They will corner Facebook's founding bro, seeking to pin all manner of sin on him. This will make for scrumptious spectacle, but spectacle is a vacuous substitute for policy.

As Facebook's scandals have unfolded, the backlash against Big Tech has accelerated at a dizzying pace.

Anger, however, has outpaced thinking.

The most fully drawn and enthusiastically backed proposal now circulating through Congress would regulate political ads that can appear on the platform, a law that hardly curbs the company's power or profits.

And, it should be said, a law that does nothing to attack the core of the problem: the absence of governmental protections for personal data.

The defining fact of digital life is that the web was created in the libertarian frenzy of the 1990s.

As we privatized the net, releasing it from the hands of the government agencies that cultivated it, we suspended our inherited civic instincts.
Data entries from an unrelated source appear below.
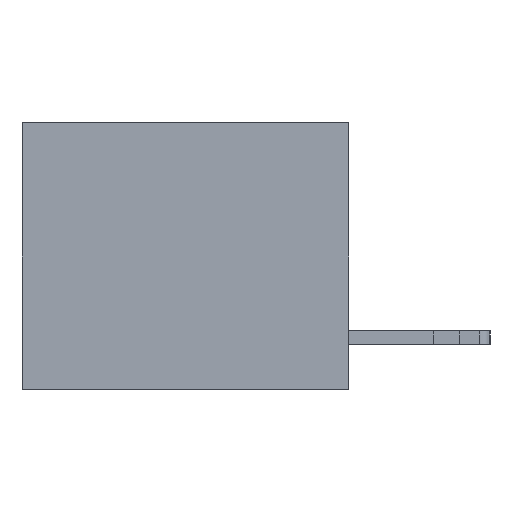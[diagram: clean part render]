
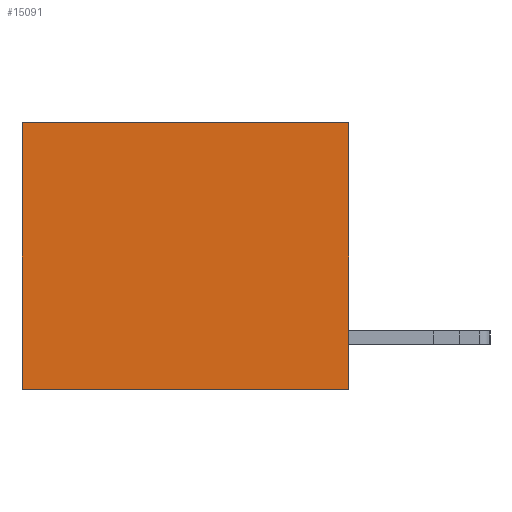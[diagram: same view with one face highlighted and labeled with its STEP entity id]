
A CAD part, left-side view. The second image highlights one B-rep face of the part: STEP entity #15091.
In plain terms, the highlighted planar face has unit normal (-1, 0, 0).
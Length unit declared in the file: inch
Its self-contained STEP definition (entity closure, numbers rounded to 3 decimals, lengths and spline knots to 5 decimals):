
#542 = VERTEX_POINT ( 'NONE', #28605 ) ;
#892 = ORIENTED_EDGE ( 'NONE', *, *, #26744, .F. ) ;
#1578 = VECTOR ( 'NONE', #28296, 39.37008 ) ;
#1686 = DIRECTION ( 'NONE',  ( 0., 0., -1. ) ) ;
#2036 = CARTESIAN_POINT ( 'NONE',  ( 0.3165, 0.6, 0. ) ) ;
#2409 = CARTESIAN_POINT ( 'NONE',  ( 0.3165, 0., -0.49 ) ) ;
#4370 = LINE ( 'NONE', #2409, #10250 ) ;
#6286 = VECTOR ( 'NONE', #11195, 39.37008 ) ;
#7001 = EDGE_CURVE ( 'NONE', #12534, #9957, #12209, .T. ) ;
#7036 = DIRECTION ( 'NONE',  ( 0., 0., -1. ) ) ;
#7148 = VERTEX_POINT ( 'NONE', #19747 ) ;
#7544 = ORIENTED_EDGE ( 'NONE', *, *, #20563, .F. ) ;
#8747 = CARTESIAN_POINT ( 'NONE',  ( 0.3165, 0.6, -0.49 ) ) ;
#9140 = ORIENTED_EDGE ( 'NONE', *, *, #23894, .T. ) ;
#9957 = VERTEX_POINT ( 'NONE', #22544 ) ;
#10250 = VECTOR ( 'NONE', #7036, 39.37008 ) ;
#11195 = DIRECTION ( 'NONE',  ( 0., 0., -1. ) ) ;
#11655 = CARTESIAN_POINT ( 'NONE',  ( 0.3165, 0., -0.49 ) ) ;
#11735 = FACE_OUTER_BOUND ( 'NONE', #23600, .T. ) ;
#12209 = LINE ( 'NONE', #8747, #6286 ) ;
#12451 = CARTESIAN_POINT ( 'NONE',  ( 0.3165, 0., -0.49 ) ) ;
#12534 = VERTEX_POINT ( 'NONE', #2036 ) ;
#12719 = PLANE ( 'NONE',  #24627 ) ;
#14683 = DIRECTION ( 'NONE',  ( 1., 0., 0. ) ) ;
#15091 = ADVANCED_FACE ( 'NONE', ( #11735 ), #12719, .F. ) ;
#17337 = CARTESIAN_POINT ( 'NONE',  ( 0.3165, 0., 0. ) ) ;
#19421 = LINE ( 'NONE', #11655, #21496 ) ;
#19747 = CARTESIAN_POINT ( 'NONE',  ( 0.3165, 0., 0. ) ) ;
#20563 = EDGE_CURVE ( 'NONE', #542, #9957, #19421, .T. ) ;
#21496 = VECTOR ( 'NONE', #22594, 39.37008 ) ;
#22544 = CARTESIAN_POINT ( 'NONE',  ( 0.3165, 0.6, -0.49 ) ) ;
#22594 = DIRECTION ( 'NONE',  ( 0., 1., 0. ) ) ;
#23600 = EDGE_LOOP ( 'NONE', ( #26905, #7544, #892, #9140 ) ) ;
#23894 = EDGE_CURVE ( 'NONE', #7148, #12534, #24151, .T. ) ;
#24151 = LINE ( 'NONE', #17337, #1578 ) ;
#24627 = AXIS2_PLACEMENT_3D ( 'NONE', #12451, #14683, #1686 ) ;
#26744 = EDGE_CURVE ( 'NONE', #7148, #542, #4370, .T. ) ;
#26905 = ORIENTED_EDGE ( 'NONE', *, *, #7001, .T. ) ;
#28296 = DIRECTION ( 'NONE',  ( 0., 1., 0. ) ) ;
#28605 = CARTESIAN_POINT ( 'NONE',  ( 0.3165, 0., -0.49 ) ) ;

Instead of treating the web like the financial system or aviation or agriculture, we refrained from creating the robust rules that would ensure safety and enforce our constitutional values.

This weakness has long been apparent to activists toiling on the fringes of debate—and the dangers might even have been apparent to most users of Facebook.

But it's one thing to abstractly understand the rampant exploitation of data; it's another to graphically see how our data can be weaponized against us.

And that's the awakening occasioned by the rolling revelation of Facebook's complicity in the debacle of the last presidential campaign.

The fact that Facebook seems unwilling to fully own up to its role casts further suspicion on its motives and methods.

And in the course of watching the horrific reports, the public may soon arrive at the realization that it is the weakness of our laws that has provided the basis for Facebook's tremendous success.

If we step back, we can see it clearly: Facebook's business model is the evisceration of privacy.

That is, it aims to induce its users into sharing personal information—what the company has called "radical transparency"—and then aims to surveil users to generate the insights that will keep them "engaged" on its site and to precisely target them with ads.

Although Mark Zuckerberg will nod in the direction of privacy, he has been candid about his true feelings.

In 2010 he said, for instance, that privacy is no longer a "social norm." (Once upon a time, in a fit of juvenile triumphalism, he even called people "dumb fucks" for trusting him with their data.)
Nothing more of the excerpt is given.